Wednesday 3rd February 2016
quotequote all
Subtle...

'Only old stupid poor people want to leave the EU. You're not old, stupid or poor are you?'

It'd be interesting to see a plot of how the various categories overlap as I don't think the percentages quoted would line up properly.

Mandalore

4,165 posts

112 months

Wednesday 3rd February 2016
quotequote all
Who would the replacment trade partners be if we left and IF Germany, France & Poland decided to block UK imports and services to europe??

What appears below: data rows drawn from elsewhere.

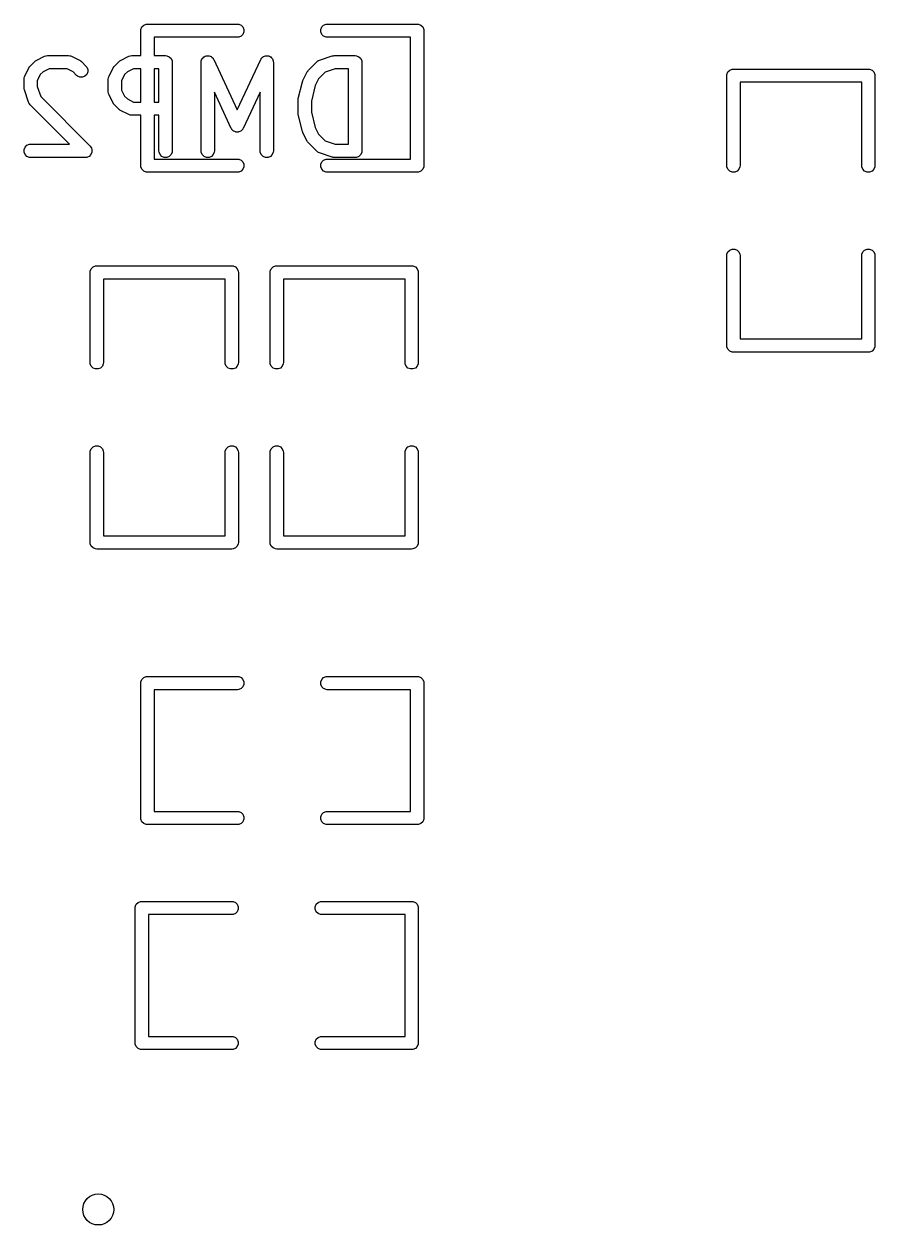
# Model space of a CAD drawing. Extents: x -2.1 to 1.75, y 0.25 to 2.72.
# Drawn here: x -1.312 to -0.934, y 0.994 to 1.528 of the extents above; entities that cross this region are included whole.
import ezdxf

# ---------------------------------------------------------------- set-up
doc = ezdxf.new("R2010")
doc.units = 0
doc.header["$MEASUREMENT"] = 0
doc.layers.add('BLACK', color=7, linetype='CONTINUOUS')

msp = doc.modelspace()

# ---------------------------------------------------------------- linework, layer by layer
at = {"layer": 'BLACK', "linetype": 'CONTINUOUS'}
for p, q in [((-1.25996, 1.52664), (-1.25914, 1.52746)), ((-1.25914, 1.52746), (-1.25808, 1.5279)), ((-1.25808, 1.5279), (-1.2575, 1.52795)), ((-1.2575, 1.52795), (-1.2175, 1.52795)), ((-1.2175, 1.52795), (-1.21692, 1.5279)), ((-1.21692, 1.5279), (-1.21586, 1.52746)), ((-1.21586, 1.52746), (-1.21504, 1.52664)), ((-1.17996, 1.52664), (-1.17914, 1.52746)), ((-1.17914, 1.52746), (-1.17808, 1.5279)), ((-1.17808, 1.5279), (-1.1775, 1.52795)), ((-1.1775, 1.52795), (-1.1375, 1.52795)), ((-1.1375, 1.52795), (-1.13692, 1.5279)), ((-1.13692, 1.5279), (-1.13586, 1.52746)), ((-1.13586, 1.52746), (-1.13504, 1.52664)), ((-1.26045, 1.525), (-1.2604, 1.52558)), ((-1.26045, 1.5139), (-1.26045, 1.525)), ((-1.2604, 1.52558), (-1.25996, 1.52664)), ((-1.2175, 1.52205), (-1.25455, 1.52205)), ((-1.25455, 1.52205), (-1.25455, 1.5139)), ((-1.21692, 1.5221), (-1.2175, 1.52205)), ((-1.21586, 1.52254), (-1.21692, 1.5221)), ((-1.21504, 1.52336), (-1.21586, 1.52254)), ((-1.21504, 1.52664), (-1.2146, 1.52558)), ((-1.2146, 1.52442), (-1.21504, 1.52336)), ((-1.2146, 1.52558), (-1.2146, 1.52442)), ((-1.1804, 1.52558), (-1.17996, 1.52664)), ((-1.1804, 1.52442), (-1.1804, 1.52558)), ((-1.17996, 1.52336), (-1.1804, 1.52442)), ((-1.17914, 1.52254), (-1.17996, 1.52336)), ((-1.17808, 1.5221), (-1.17914, 1.52254)), ((-1.1775, 1.52205), (-1.17808, 1.5221)), ((-1.14045, 1.52205), (-1.1775, 1.52205)), ((-1.14045, 1.46795), (-1.14045, 1.52205)), ((-1.13504, 1.52664), (-1.1346, 1.52558)), ((-1.1346, 1.52558), (-1.13455, 1.525)), ((-1.13455, 1.525), (-1.13455, 1.465)), ((-1.30963, 1.50929), (-1.30776, 1.51117)), ((-1.30776, 1.51117), (-1.30753, 1.51135)), ((-1.30753, 1.51135), (-1.30748, 1.51141)), ((-1.30748, 1.51141), (-1.30739, 1.51147)), ((-1.30739, 1.51147), (-1.30731, 1.51153)), ((-1.30731, 1.51153), (-1.30724, 1.51156)), ((-1.30724, 1.51156), (-1.30699, 1.51172)), ((-1.30699, 1.51172), (-1.30324, 1.51359)), ((-1.30324, 1.51359), (-1.3027, 1.5138)), ((-1.3027, 1.5138), (-1.30259, 1.51381)), ((-1.30259, 1.51381), (-1.30249, 1.51385)), ((-1.30249, 1.51385), (-1.30192, 1.5139)), ((-1.30192, 1.5139), (-1.29255, 1.5139)), ((-1.29255, 1.5139), (-1.29197, 1.51385)), ((-1.29197, 1.51385), (-1.29187, 1.51381)), ((-1.29187, 1.51381), (-1.29177, 1.5138)), ((-1.29177, 1.5138), (-1.29122, 1.51359)), ((-1.29122, 1.51359), (-1.28747, 1.51172)), ((-1.28747, 1.51172), (-1.28723, 1.51156)), ((-1.28723, 1.51156), (-1.28716, 1.51153)), ((-1.28716, 1.51153), (-1.28707, 1.51147)), ((-1.28707, 1.51147), (-1.28699, 1.51141)), ((-1.28699, 1.51141), (-1.28693, 1.51135)), ((-1.28693, 1.51135), (-1.28671, 1.51117)), ((-1.28671, 1.51117), (-1.28483, 1.50929)), ((-1.27214, 1.50929), (-1.27026, 1.51117)), ((-1.27026, 1.51117), (-1.27003, 1.51135)), ((-1.27003, 1.51135), (-1.26998, 1.51141)), ((-1.26998, 1.51141), (-1.26989, 1.51147)), ((-1.26989, 1.51147), (-1.26981, 1.51153)), ((-1.26981, 1.51153), (-1.26974, 1.51156)), ((-1.26974, 1.51156), (-1.26949, 1.51172)), ((-1.26949, 1.51172), (-1.26574, 1.51359)), ((-1.26574, 1.51359), (-1.2652, 1.5138)), ((-1.2652, 1.5138), (-1.2651, 1.51381)), ((-1.2651, 1.51381), (-1.265, 1.51385)), ((-1.265, 1.51385), (-1.26442, 1.5139)), ((-1.26442, 1.5139), (-1.26045, 1.5139)), ((-1.25455, 1.5139), (-1.24943, 1.5139)), ((-1.24943, 1.5139), (-1.24885, 1.51385)), ((-1.24885, 1.51385), (-1.24778, 1.51341)), ((-1.24778, 1.51341), (-1.24697, 1.51259)), ((-1.24697, 1.51259), (-1.24653, 1.51153)), ((-1.24653, 1.51153), (-1.24647, 1.51095)), ((-1.24647, 1.51095), (-1.24647, 1.47158)), ((-1.23363, 1.51095), (-1.23359, 1.51133)), ((-1.23363, 1.47158), (-1.23363, 1.51095)), ((-1.2336, 1.5114), (-1.23358, 1.51144)), ((-1.23359, 1.51133), (-1.2336, 1.5114)), ((-1.23358, 1.51144), (-1.23357, 1.51153)), ((-1.23357, 1.51153), (-1.23338, 1.512)), ((-1.23338, 1.512), (-1.2332, 1.51248)), ((-1.2332, 1.51248), (-1.23316, 1.51253)), ((-1.23316, 1.51253), (-1.23313, 1.51259)), ((-1.23313, 1.51259), (-1.23277, 1.51295)), ((-1.23277, 1.51295), (-1.23242, 1.51333)), ((-1.23242, 1.51333), (-1.23236, 1.51336)), ((-1.23236, 1.51336), (-1.23232, 1.51341)), ((-1.23232, 1.51341), (-1.23184, 1.5136)), ((-1.23184, 1.5136), (-1.23138, 1.51382)), ((-1.23138, 1.51382), (-1.23131, 1.51382)), ((-1.23131, 1.51382), (-1.23125, 1.51385)), ((-1.23125, 1.51385), (-1.23074, 1.51385)), ((-1.23074, 1.51385), (-1.23023, 1.51387)), ((-1.23023, 1.51387), (-1.23017, 1.51385)), ((-1.23017, 1.51385), (-1.2301, 1.51385)), ((-1.2301, 1.51385), (-1.22963, 1.51365)), ((-1.22963, 1.51365), (-1.22915, 1.51348)), ((-1.22915, 1.51348), (-1.2291, 1.51343)), ((-1.2291, 1.51343), (-1.22904, 1.51341)), ((-1.22904, 1.51341), (-1.22867, 1.51304)), ((-1.22867, 1.51304), (-1.2283, 1.5127)), ((-1.2283, 1.5127), (-1.22825, 1.51262)), ((-1.22825, 1.51262), (-1.22822, 1.51259)), ((-1.22822, 1.51259), (-1.2282, 1.51253)), ((-1.2282, 1.51253), (-1.228, 1.5122)), ((-1.228, 1.5122), (-1.21755, 1.48981)), ((-1.21755, 1.48981), (-1.20711, 1.5122)), ((-1.20711, 1.5122), (-1.20691, 1.51253)), ((-1.20691, 1.51253), (-1.20689, 1.51259)), ((-1.20689, 1.51259), (-1.20686, 1.51262)), ((-1.20686, 1.51262), (-1.20681, 1.5127)), ((-1.20681, 1.5127), (-1.20643, 1.51304)), ((-1.20643, 1.51304), (-1.20607, 1.51341)), ((-1.20607, 1.51341), (-1.20601, 1.51343)), ((-1.20601, 1.51343), (-1.20596, 1.51348)), ((-1.20596, 1.51348), (-1.20548, 1.51365)), ((-1.20548, 1.51365), (-1.20501, 1.51385)), ((-1.20501, 1.51385), (-1.20494, 1.51385)), ((-1.20494, 1.51385), (-1.20488, 1.51387)), ((-1.20488, 1.51387), (-1.20437, 1.51385)), ((-1.20437, 1.51385), (-1.20385, 1.51385)), ((-1.20385, 1.51385), (-1.20379, 1.51382)), ((-1.20379, 1.51382), (-1.20373, 1.51382)), ((-1.20373, 1.51382), (-1.20326, 1.5136)), ((-1.20326, 1.5136), (-1.20279, 1.51341)), ((-1.20279, 1.51341), (-1.20274, 1.51336)), ((-1.20274, 1.51336), (-1.20268, 1.51333)), ((-1.20268, 1.51333), (-1.20234, 1.51295)), ((-1.20234, 1.51295), (-1.20198, 1.51259)), ((-1.20198, 1.51259), (-1.20195, 1.51253)), ((-1.20195, 1.51253), (-1.20191, 1.51248)), ((-1.20191, 1.51248), (-1.20173, 1.512)), ((-1.20173, 1.512), (-1.20154, 1.51153)), ((-1.20154, 1.51153), (-1.20153, 1.51144)), ((-1.20153, 1.51144), (-1.20151, 1.5114)), ((-1.20151, 1.5114), (-1.20152, 1.51133)), ((-1.20152, 1.51133), (-1.20148, 1.51095)), ((-1.20148, 1.51095), (-1.20148, 1.47158)), ((-1.1859, 1.50742), (-1.18215, 1.51117)), ((-1.18215, 1.51117), (-1.1817, 1.51153)), ((-1.1817, 1.51153), (-1.1816, 1.51157)), ((-1.1816, 1.51157), (-1.18152, 1.51164)), ((-1.18152, 1.51164), (-1.18099, 1.51188)), ((-1.18099, 1.51188), (-1.17537, 1.51375)), ((-1.17537, 1.51375), (-1.17508, 1.51382)), ((-1.17508, 1.51382), (-1.17501, 1.51385)), ((-1.17501, 1.51385), (-1.17491, 1.51386)), ((-1.17491, 1.51386), (-1.1748, 1.51388)), ((-1.1748, 1.51388), (-1.17473, 1.51388)), ((-1.17473, 1.51388), (-1.17443, 1.5139)), ((-1.17443, 1.5139), (-1.16506, 1.5139)), ((-1.16506, 1.5139), (-1.16448, 1.51385)), ((-1.16448, 1.51385), (-1.16342, 1.51341)), ((-1.16342, 1.51341), (-1.16261, 1.51259)), ((-1.16261, 1.51259), (-1.16216, 1.51153)), ((-1.16216, 1.51153), (-1.16211, 1.51095)), ((-1.16211, 1.51095), (-1.16211, 1.47158)), ((-1.31206, 1.50477), (-1.31018, 1.50852)), ((-1.31018, 1.50852), (-1.31003, 1.50877)), ((-1.31003, 1.50877), (-1.31, 1.50884)), ((-1.31, 1.50884), (-1.30993, 1.50892)), ((-1.30993, 1.50892), (-1.30988, 1.50901)), ((-1.30988, 1.50901), (-1.30982, 1.50906)), ((-1.30982, 1.50906), (-1.30963, 1.50929)), ((-1.30392, 1.50665), (-1.30512, 1.50545)), ((-1.30122, 1.508), (-1.30392, 1.50665)), ((-1.29324, 1.508), (-1.30122, 1.508)), ((-1.29054, 1.50665), (-1.29324, 1.508)), ((-1.28901, 1.50511), (-1.29054, 1.50665)), ((-1.28447, 1.50556), (-1.28528, 1.50475)), ((-1.28483, 1.50929), (-1.28447, 1.50884)), ((-1.28447, 1.50884), (-1.28402, 1.50778)), ((-1.28402, 1.50663), (-1.28447, 1.50556)), ((-1.28402, 1.50778), (-1.28402, 1.50663)), ((-1.27456, 1.50477), (-1.27269, 1.50852)), ((-1.27269, 1.50852), (-1.27253, 1.50877)), ((-1.27253, 1.50877), (-1.2725, 1.50884)), ((-1.2725, 1.50884), (-1.27244, 1.50892)), ((-1.27244, 1.50892), (-1.27238, 1.50901)), ((-1.27238, 1.50901), (-1.27232, 1.50906)), ((-1.27232, 1.50906), (-1.27214, 1.50929)), ((-1.26642, 1.50665), (-1.26762, 1.50545)), ((-1.26373, 1.508), (-1.26642, 1.50665)), ((-1.26045, 1.508), (-1.26373, 1.508)), ((-1.26045, 1.49328), (-1.26045, 1.508)), ((-1.25238, 1.508), (-1.25455, 1.508)), ((-1.25455, 1.508), (-1.25455, 1.49328)), ((-1.25238, 1.49328), (-1.25238, 1.508)), ((-1.18832, 1.5029), (-1.18645, 1.50665)), ((-1.18645, 1.50665), (-1.18629, 1.5069)), ((-1.18629, 1.5069), (-1.18626, 1.50697)), ((-1.18626, 1.50697), (-1.1862, 1.50705)), ((-1.1862, 1.50705), (-1.18614, 1.50714)), ((-1.18614, 1.50714), (-1.18608, 1.50719)), ((-1.18608, 1.50719), (-1.1859, 1.50742)), ((-1.17846, 1.5065), (-1.18138, 1.50358)), ((-1.17396, 1.508), (-1.17846, 1.5065)), ((-1.16801, 1.508), (-1.17396, 1.508)), ((-1.16801, 1.47453), (-1.16801, 1.508)), ((-0.99988, 1.505), (-0.99983, 1.50558)), ((-0.99983, 1.50558), (-0.99938, 1.50664)), ((-0.99938, 1.50664), (-0.99857, 1.50746)), ((-0.99857, 1.50746), (-0.99751, 1.5079)), ((-0.99751, 1.5079), (-0.99693, 1.50795)), ((-0.99693, 1.50795), (-0.93693, 1.50795)), ((-0.93693, 1.50795), (-0.93635, 1.5079)), ((-0.93635, 1.5079), (-0.93529, 1.50746)), ((-0.93529, 1.50746), (-0.93447, 1.50664)), ((-0.93447, 1.50664), (-0.93403, 1.50558)), ((-0.93403, 1.50558), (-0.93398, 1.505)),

Its pretty clear, they would throw their toys out of the pram, if the UK stopped paying intra to cover their inflated farm subsidies and unemployment benefits.






Derek Smith

45,512 posts

247 months

Wednesday 3rd February 2016
quotequote all
Foliage said:
Im kinda undecided. I thought we should leave but I don't have enough information to decide and the information I can find always seems to be bias one way or the other...
Despite doing quite a lot of research on the subject, I've found no conclusive evidence of us being better off out of the EU or better off in the EU. I get the feeling that as we approach the voting day it will become no easier, and probably impossible, to discern the committed from the informed. If it remains that way then I'll vote to stay.

My reasoning? There's a risk in leaving, a leap into the unknown. All four of my kids, and all four of their partners, want to stay in, all for various reasons, so it is, at the moment, done and dusted for me.

I'm old, left school at 15, am poor, but consider myself intelligent. Of my kid's other halves, one is Japanese, one is half Irish (as am I) and one is half Polish, so we are rather an international family and insularity is not a major character defect.